Exercise details -
The whole listing should come back exactly as written, except for the pictures.

+--

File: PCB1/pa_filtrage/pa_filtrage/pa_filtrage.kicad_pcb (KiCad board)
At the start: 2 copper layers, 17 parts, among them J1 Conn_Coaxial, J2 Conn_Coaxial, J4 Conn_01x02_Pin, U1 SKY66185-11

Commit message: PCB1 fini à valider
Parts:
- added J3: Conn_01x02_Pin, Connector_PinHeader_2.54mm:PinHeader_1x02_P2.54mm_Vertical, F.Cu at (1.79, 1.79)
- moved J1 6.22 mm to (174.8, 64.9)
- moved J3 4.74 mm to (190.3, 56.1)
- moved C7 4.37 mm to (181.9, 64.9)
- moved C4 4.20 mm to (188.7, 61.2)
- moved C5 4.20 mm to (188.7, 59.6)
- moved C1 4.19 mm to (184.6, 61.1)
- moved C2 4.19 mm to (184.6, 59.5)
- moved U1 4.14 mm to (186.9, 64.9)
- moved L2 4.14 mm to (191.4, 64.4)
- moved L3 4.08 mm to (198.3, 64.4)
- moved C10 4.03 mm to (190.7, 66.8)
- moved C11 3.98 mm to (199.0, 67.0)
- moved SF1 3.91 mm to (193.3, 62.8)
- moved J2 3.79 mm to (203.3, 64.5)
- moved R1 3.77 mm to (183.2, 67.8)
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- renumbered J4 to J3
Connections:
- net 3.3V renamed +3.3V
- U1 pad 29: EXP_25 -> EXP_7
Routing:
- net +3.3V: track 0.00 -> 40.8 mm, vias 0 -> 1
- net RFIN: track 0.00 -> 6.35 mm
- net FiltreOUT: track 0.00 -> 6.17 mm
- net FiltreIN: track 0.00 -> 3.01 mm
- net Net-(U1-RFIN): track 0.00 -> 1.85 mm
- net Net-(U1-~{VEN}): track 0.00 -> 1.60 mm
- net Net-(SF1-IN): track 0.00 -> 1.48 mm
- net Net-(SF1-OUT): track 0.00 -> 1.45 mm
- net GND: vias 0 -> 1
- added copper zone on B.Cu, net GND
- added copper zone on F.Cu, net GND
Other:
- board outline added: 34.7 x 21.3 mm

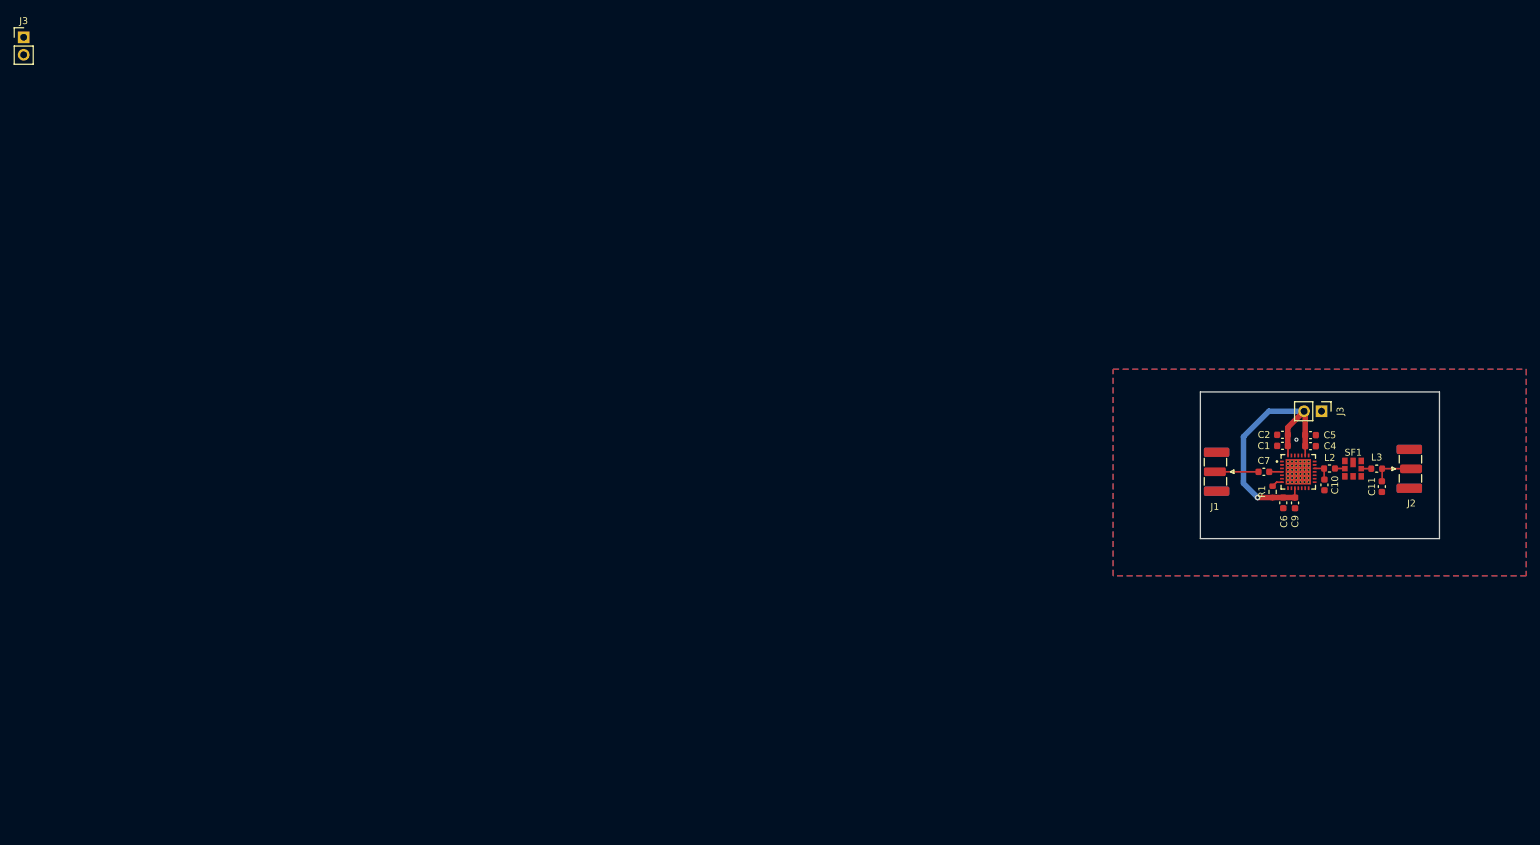
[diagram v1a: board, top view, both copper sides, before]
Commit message: Correction footprints SKY à jour
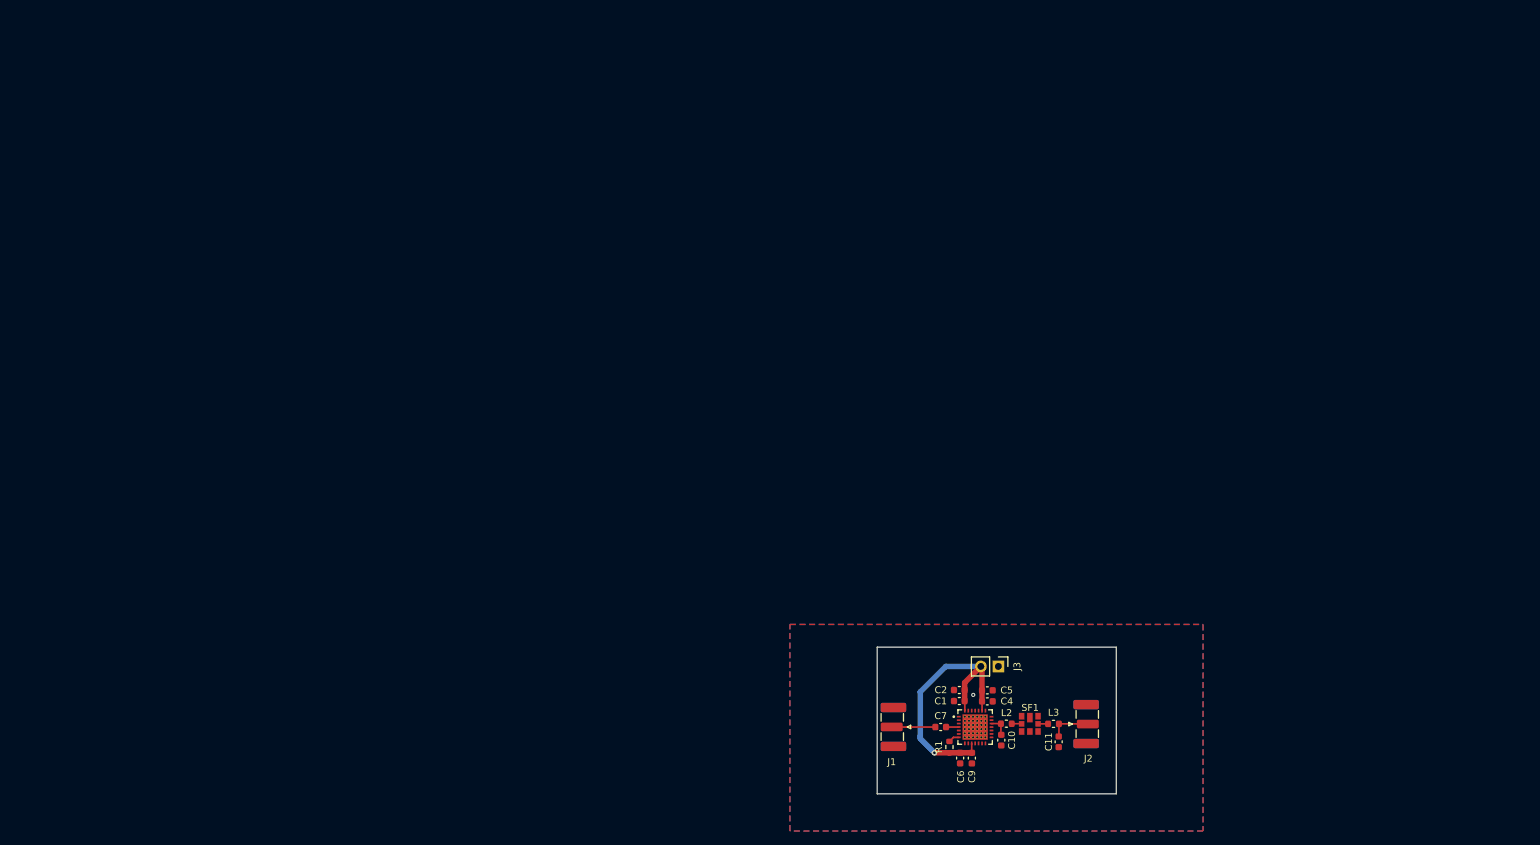
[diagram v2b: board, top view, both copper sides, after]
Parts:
- removed the J3 at (1.79, 1.79)
- moved C1 59.8 mm to (137.7, 98.2)
- moved C10 59.8 mm to (143.8, 103.9)
- moved C11 59.8 mm to (152.1, 104.1)
- moved C4 59.8 mm to (141.7, 98.2)
- moved C9 59.8 mm to (139.5, 106.5)
- moved J1 59.8 mm to (127.9, 102.0)
- moved J2 59.8 mm to (156.3, 101.5)
- moved L3 59.8 mm to (151.3, 101.5)
- moved R1 59.8 mm to (136.2, 104.9)
- moved SF1 59.8 mm to (146.3, 99.9)
- moved C2 59.8 mm to (137.7, 96.6)
- moved C5 59.8 mm to (141.7, 96.6)
- moved C6 59.8 mm to (137.8, 106.5)
- moved C7 59.8 mm to (135.0, 102.0)
- moved J3 59.8 mm to (143.3, 93.2)
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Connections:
- net EXP_7 renamed EXP_9

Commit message: Updated edge cut
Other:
- board size 34.7 x 21.3 mm -> 32.7 x 21.3 mm
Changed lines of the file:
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@@
 	(gr_rect
 		(start 125.7465 90.363)
-		(end 160.4685 111.663)
+		(end 158.4455 111.663)
 		(stroke
 			(width 0.05)

+--

Solution to this problem -
File: PCB1/pa_filtrage/pa_filtrage/pa_filtrage.kicad_pcb (KiCad board)
At the start: 2 copper layers, 17 parts, among them J1 Conn_Coaxial, J2 Conn_Coaxial, J4 Conn_01x02_Pin, U1 SKY66185-11

Commit message: PCB1 fini à valider
Parts:
- added J3: Conn_01x02_Pin, Connector_PinHeader_2.54mm:PinHeader_1x02_P2.54mm_Vertical, F.Cu at (1.79, 1.79)
- moved J1 6.22 mm to (174.8, 64.9)
- moved J3 4.74 mm to (190.3, 56.1)
- moved C7 4.37 mm to (181.9, 64.9)
- moved C4 4.20 mm to (188.7, 61.2)
- moved C5 4.20 mm to (188.7, 59.6)
- moved C1 4.19 mm to (184.6, 61.1)
- moved C2 4.19 mm to (184.6, 59.5)
- moved U1 4.14 mm to (186.9, 64.9)
- moved L2 4.14 mm to (191.4, 64.4)
- moved L3 4.08 mm to (198.3, 64.4)
- moved C10 4.03 mm to (190.7, 66.8)
- moved C11 3.98 mm to (199.0, 67.0)
- moved SF1 3.91 mm to (193.3, 62.8)
- moved J2 3.79 mm to (203.3, 64.5)
- moved R1 3.77 mm to (183.2, 67.8)
- renumbered J4 to J3
Connections:
- net 3.3V renamed +3.3V
- U1 pad 29: EXP_25 -> EXP_7
Routing:
- net +3.3V: track 0.00 -> 40.8 mm, vias 0 -> 1
- net RFIN: track 0.00 -> 6.35 mm
- net FiltreOUT: track 0.00 -> 6.17 mm
- net FiltreIN: track 0.00 -> 3.01 mm
- net Net-(U1-RFIN): track 0.00 -> 1.85 mm
- net Net-(U1-~{VEN}): track 0.00 -> 1.60 mm
- net Net-(SF1-IN): track 0.00 -> 1.48 mm
- net Net-(SF1-OUT): track 0.00 -> 1.45 mm
- net GND: vias 0 -> 1
- added copper zone on B.Cu, net GND
- added copper zone on F.Cu, net GND
Other:
- board outline added: 34.7 x 21.3 mm

[diagram v1a: board, top view, both copper sides, before]
Commit message: Correction footprints SKY à jour
[diagram v2b: board, top view, both copper sides, after]
Parts:
- removed the J3 at (1.79, 1.79)
- moved C1 59.8 mm to (137.7, 98.2)
- moved C10 59.8 mm to (143.8, 103.9)
- moved C11 59.8 mm to (152.1, 104.1)
- moved C4 59.8 mm to (141.7, 98.2)
- moved C9 59.8 mm to (139.5, 106.5)
- moved J1 59.8 mm to (127.9, 102.0)
- moved J2 59.8 mm to (156.3, 101.5)
- moved L3 59.8 mm to (151.3, 101.5)
- moved R1 59.8 mm to (136.2, 104.9)
- moved SF1 59.8 mm to (146.3, 99.9)
- moved C2 59.8 mm to (137.7, 96.6)
- moved C5 59.8 mm to (141.7, 96.6)
- moved C6 59.8 mm to (137.8, 106.5)
- moved C7 59.8 mm to (135.0, 102.0)
- moved J3 59.8 mm to (143.3, 93.2)
Connections:
- net EXP_7 renamed EXP_9

Commit message: Updated edge cut
Other:
- board size 34.7 x 21.3 mm -> 32.7 x 21.3 mm
Changed lines of the file:
@@
 	(gr_rect
 		(start 125.7465 90.363)
-		(end 160.4685 111.663)
+		(end 158.4455 111.663)
 		(stroke
 			(width 0.05)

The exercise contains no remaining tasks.